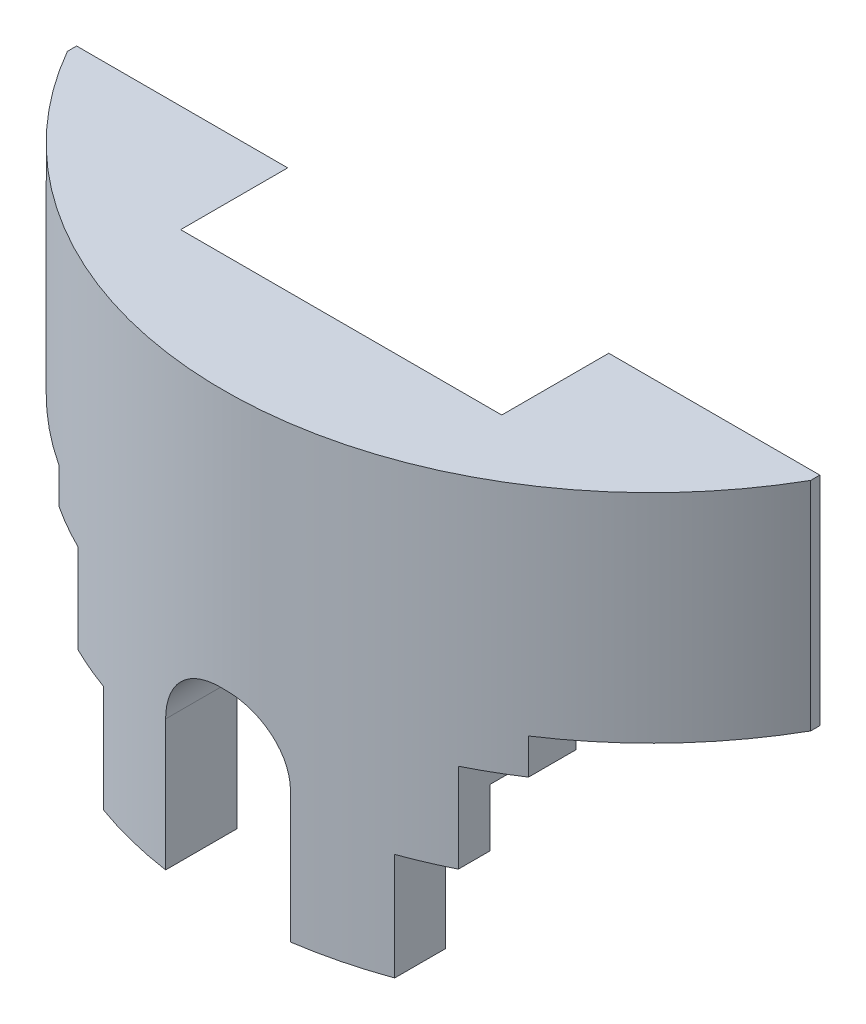
from build123d import *

# Parameters (mm, degrees)
BOSS_EXTRUDE1_DEPTH = 36.5
BOSS_EXTRUDE2_DEPTH = 6
BOSS_EXTRUDE3_DEPTH = 15
BOSS_EXTRUDE4_DEPTH = 18
CUT_EXTRUDE2_DEPTH  = 25
SKETCH5_W           = 21
SKETCH5_H           = 37.8
CUT_EXTRUDE1_DEPTH  = 32
FILLET1_R           = 10
CUT_EXTRUDE3_DEPTH  = 18
SKETCH9_W           = 86.823098523
SKETCH9_H           = 11.225168108
CUT_EXTRUDE4_DEPTH  = 18


with BuildPart() as part:
    # Sketch1 → Boss-Extrude1 (new body)
    with BuildSketch(Plane(origin=(0, 0, 0), x_dir=(1, 0, 0), z_dir=(0, 1, 0))):
        with BuildLine():
            Line((-62.5, -34.2), (-62.5, -35.745629103))
            ThreePointArc((-62.5, -35.745629103), (0, -72), (62.5, -35.745629103))
            Line((62.5, -35.745629103), (62.5, -34.2))
            Line((62.5, -34.2), (-62.5, -34.2))
        make_face()
    extrude(amount=-BOSS_EXTRUDE1_DEPTH)

    # Sketch2 → Boss-Extrude2 (add)
    with BuildSketch(Plane.XZ.offset(36.5)):
        with BuildLine():
            ThreePointArc((39.5, 60.197591314), (0, 72), (-39.5, 60.197591314))
            Line((-39.5, 60.197591314), (-39.5, 34.2))
            Line((-39.5, 34.2), (39.5, 34.2))
            Line((39.5, 34.2), (39.5, 60.197591314))
        make_face()
    extrude(amount=BOSS_EXTRUDE2_DEPTH)

    # Sketch3 → Boss-Extrude3 (add)
    with BuildSketch(Plane.XZ.offset(42.5)):
        with BuildLine():
            Line((-32, 64.498061986), (-32, 34.2))
            Line((-32, 34.2), (32, 34.2))
            Line((32, 34.2), (32, 64.498061986))
            ThreePointArc((32, 64.498061986), (0, 72), (-32, 64.498061986))
        make_face()
    extrude(amount=BOSS_EXTRUDE3_DEPTH)

    # Sketch4 → Boss-Extrude4 (add)
    with BuildSketch(Plane.XZ.offset(57.5)):
        with BuildLine():
            Line((-24.5, 34.2), (-24.5, 67.703397256))
            ThreePointArc((-24.5, 67.703397256), (0, 72), (24.5, 67.703397256))
            Line((24.5, 67.703397256), (24.5, 34.2))
            Line((24.5, 34.2), (-24.5, 34.2))
        make_face()
    extrude(amount=BOSS_EXTRUDE4_DEPTH)

    # Sketch7 → Cut-Extrude2 (cut)
    with BuildSketch(Plane(origin=(0, 0, 34.2), x_dir=(-1, 0, 0), z_dir=(0, 0, -1))):
        with BuildLine():
            Line((-32.5, -53.5), (-32.5, -86))
            Line((-32.5, -86), (32.5, -86))
            Line((32.5, -86), (32.5, -53.5))
            ThreePointArc((32.5, -53.5), (0, -21), (-32.5, -53.5))
        make_face()
    extrude(amount=-CUT_EXTRUDE2_DEPTH, mode=Mode.SUBTRACT)

    # Sketch5 → Cut-Extrude1 (cut)
    with BuildSketch(Plane.XZ.offset(75.5)):
        with Locations((0, 53.1)):
            Rectangle(SKETCH5_W, SKETCH5_H)
    extrude(amount=-CUT_EXTRUDE1_DEPTH, mode=Mode.SUBTRACT)

    # Fillet1
    fillet1_edges = [part.edges().sort_by_distance(p)[0] for p in [
        (-10.5, -43.5, 65.215130212),
        (10.5, -43.5, 65.215130212),
    ]]
    fillet(fillet1_edges, radius=FILLET1_R)

    # Sketch8 → Cut-Extrude3 (cut)
    with BuildSketch(Plane(origin=(0, 0, 34.2), x_dir=(-1, 0, 0), z_dir=(0, 0, -1))):
        with BuildLine():
            Line((-27, 0), (27, 0))
            ThreePointArc((27, 0), (49, -22), (27, -44))
            Line((27, -44), (-27, -44))
            ThreePointArc((-27, -44), (-49, -22), (-27, 0))
        make_face()
    extrude(amount=-CUT_EXTRUDE3_DEPTH, mode=Mode.SUBTRACT)

    # Sketch9 → Cut-Extrude4 (cut)
    with BuildSketch(Plane(origin=(0, 0, 34.2), x_dir=(-1, 0, 0), z_dir=(0, 0, -1))):
        with Locations((0.144250153, -44.182683468)):
            Rectangle(SKETCH9_W, SKETCH9_H)
    extrude(amount=-CUT_EXTRUDE4_DEPTH, mode=Mode.SUBTRACT)


solid = part.part
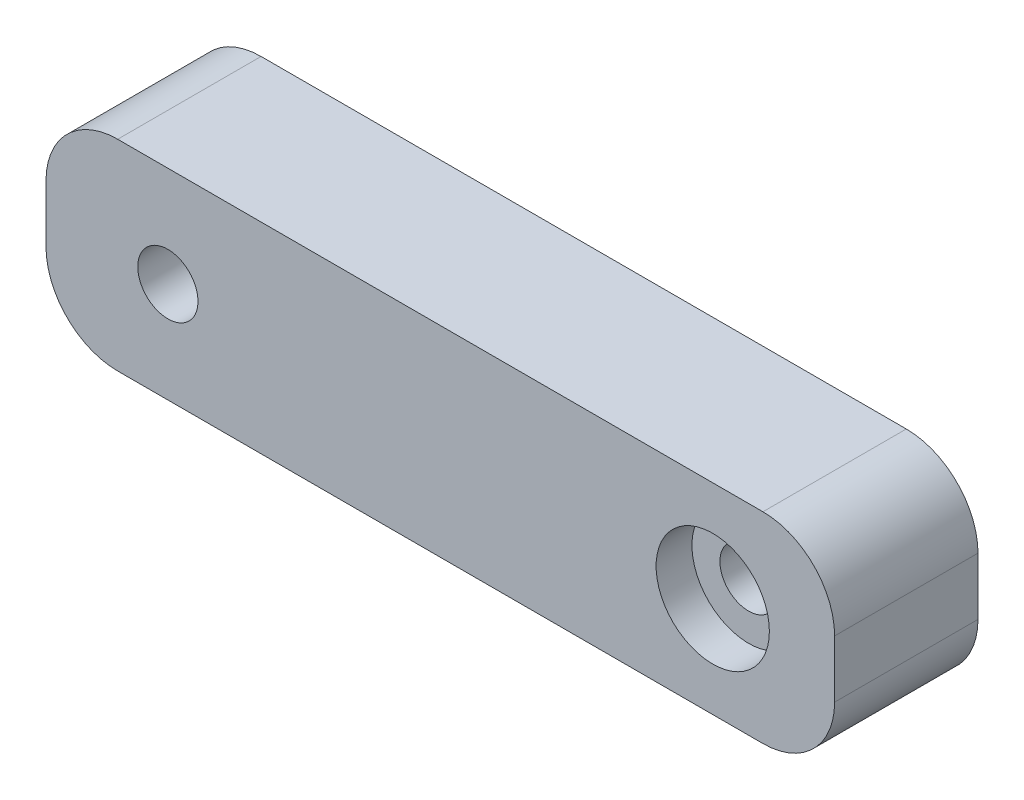
from build123d import *

# Parameters (mm, degrees)
SKETCH1_W           = 55
SKETCH1_H           = 14
BOSS_EXTRUDE1_DEPTH = 10
FILLET1_R           = 5
FILLET2_R           = 5
SKETCH2_R           = 4
CUT_EXTRUDE2_DEPTH  = 2.5
SKETCH3_R           = 2.1
CUT_EXTRUDE3_DEPTH  = 2
SKETCH4_R           = 3.95
CUT_EXTRUDE4_DEPTH  = 5
CUT_EXTRUDE5_REACH  = 64.926
SKETCH5_R           = 2
SKETCH7_R           = 2.1
CUT_EXTRUDE6_DEPTH  = 63.967570185
BOSS_EXTRUDE2_START = 2.5
SKETCH9_R           = 3.95
SKETCH9_R_2         = 2
BOSS_EXTRUDE2_DEPTH = 2.5
CUT_EXTRUDE7_START  = -3
SKETCH10_R          = 2
CUT_EXTRUDE7_DEPTH  = 3


with BuildPart() as part:
    # Sketch1 → Boss-Extrude1 (new body)
    with BuildSketch(Plane.XY):
        with Locations((-31.850618243, 13.301945946)):
            Rectangle(SKETCH1_W, SKETCH1_H)
    extrude(amount=BOSS_EXTRUDE1_DEPTH)

    # Fillet1
    fillet1_edges = [part.edges().sort_by_distance(p)[0] for p in [
        (-59.350618243, 20.301945946, 5),
    ]]
    fillet(fillet1_edges, radius=FILLET1_R)

    # Fillet2
    fillet2_edges = [part.edges().sort_by_distance(p)[0] for p in [
        (-4.350618243, 20.301945946, 5),
        (-4.350618243, 6.301945946, 5),
        (-59.350618243, 6.301945946, 5),
    ]]
    fillet(fillet2_edges, radius=FILLET2_R)

    # Sketch2 → Cut-Extrude2 (cut)
    with BuildSketch(Plane(origin=(0, 0, 0), x_dir=(-1, 0, 0), z_dir=(0, 0, -1))):
        with Locations((50.850618243, 13.301945946)):
            Circle(SKETCH2_R)
    extrude(amount=-CUT_EXTRUDE2_DEPTH, mode=Mode.SUBTRACT)

    # Sketch3 → Cut-Extrude3 (cut)
    with BuildSketch(Plane(origin=(0, 0, 2.5), x_dir=(-1, 0, 0), z_dir=(0, 0, -1))):
        with Locations((50.850618243, 13.301945946)):
            Circle(SKETCH3_R)
    extrude(amount=-CUT_EXTRUDE3_DEPTH, mode=Mode.SUBTRACT)

    # Sketch4 → Cut-Extrude4 (cut)
    with BuildSketch(Plane.XY.offset(10)):
        with Locations((-12.850618243, 13.301945946)):
            Circle(SKETCH4_R)
    extrude(amount=-CUT_EXTRUDE4_DEPTH, mode=Mode.SUBTRACT)

    # Sketch5 → Cut-Extrude5 (cut, up to next)
    with BuildSketch(Plane.XY.offset(5), mode=Mode.PRIVATE) as cut_extrude5_sk1:
        with Locations((-12.850618243, 13.301945946)):
            Circle(SKETCH5_R)
    cut_extrude5_tool1 = extrude(cut_extrude5_sk1.sketch, amount=-CUT_EXTRUDE5_REACH, mode=Mode.PRIVATE) & part.part
    add(cut_extrude5_tool1.solids().sort_by_distance((-12.850618, 13.301946, 5))[0], mode=Mode.SUBTRACT)

    # Sketch7 → Cut-Extrude6 (cut, through all)
    with BuildSketch(Plane(origin=(0, 0, 4.5), x_dir=(-1, 0, 0), z_dir=(0, 0, -1))):
        with Locations((50.850618243, 13.301945946)):
            Circle(SKETCH7_R)
    extrude(amount=-CUT_EXTRUDE6_DEPTH, mode=Mode.SUBTRACT)

    # Sketch9 → Boss-Extrude2 (add)
    with BuildSketch(Plane.XY.offset(5).offset(BOSS_EXTRUDE2_START)):
        with Locations((-12.850618243, 13.301945946)):
            Circle(SKETCH9_R)
        with Locations((-12.850618243, 13.301945946)):
            Circle(SKETCH9_R_2, mode=Mode.SUBTRACT)
    extrude(amount=-BOSS_EXTRUDE2_DEPTH)

    # Sketch10 → Cut-Extrude7 (cut)
    with BuildSketch(Plane(origin=(0, 0, 0), x_dir=(-1, 0, 0), z_dir=(0, 0, -1)).offset(CUT_EXTRUDE7_START)):
        Polygon((12.850618243, 17.34339783), (9.350618243, 15.322671888), (9.350618243, 11.281220004), (12.850618243, 9.260494062), (16.350618243, 11.281220004), (16.350618243, 15.322671888), align=None)
        with Locations(Location((12.850618243, 13.301945946, 0), (0, 0, 180))):
            Circle(SKETCH10_R, mode=Mode.SUBTRACT)
    extrude(amount=CUT_EXTRUDE7_DEPTH, mode=Mode.SUBTRACT)


solid = part.part
################
§ **TASK INSTRUCTIONS**
All lines from the beginning of the entries above to the line containing "extrude(amount=-BOSS_EXTRUDE1_DEPTH)", inclusive, should be printed exactly, apart from the pictures.

§ **RESPONSE**
from build123d import *

# Parameters (mm, degrees)
BOSS_EXTRUDE1_DEPTH = 36.5
BOSS_EXTRUDE2_DEPTH = 6
BOSS_EXTRUDE3_DEPTH = 15
BOSS_EXTRUDE4_DEPTH = 18
CUT_EXTRUDE2_DEPTH  = 25
SKETCH5_W           = 21
SKETCH5_H           = 37.8
CUT_EXTRUDE1_DEPTH  = 32
FILLET1_R           = 10
CUT_EXTRUDE3_DEPTH  = 18
SKETCH9_W           = 86.823098523
SKETCH9_H           = 11.225168108
CUT_EXTRUDE4_DEPTH  = 18


with BuildPart() as part:
    # Sketch1 → Boss-Extrude1 (new body)
    with BuildSketch(Plane(origin=(0, 0, 0), x_dir=(1, 0, 0), z_dir=(0, 1, 0))):
        with BuildLine():
            Line((-62.5, -34.2), (-62.5, -35.745629103))
            ThreePointArc((-62.5, -35.745629103), (0, -72), (62.5, -35.745629103))
            Line((62.5, -35.745629103), (62.5, -34.2))
            Line((62.5, -34.2), (-62.5, -34.2))
        make_face()
    extrude(amount=-BOSS_EXTRUDE1_DEPTH)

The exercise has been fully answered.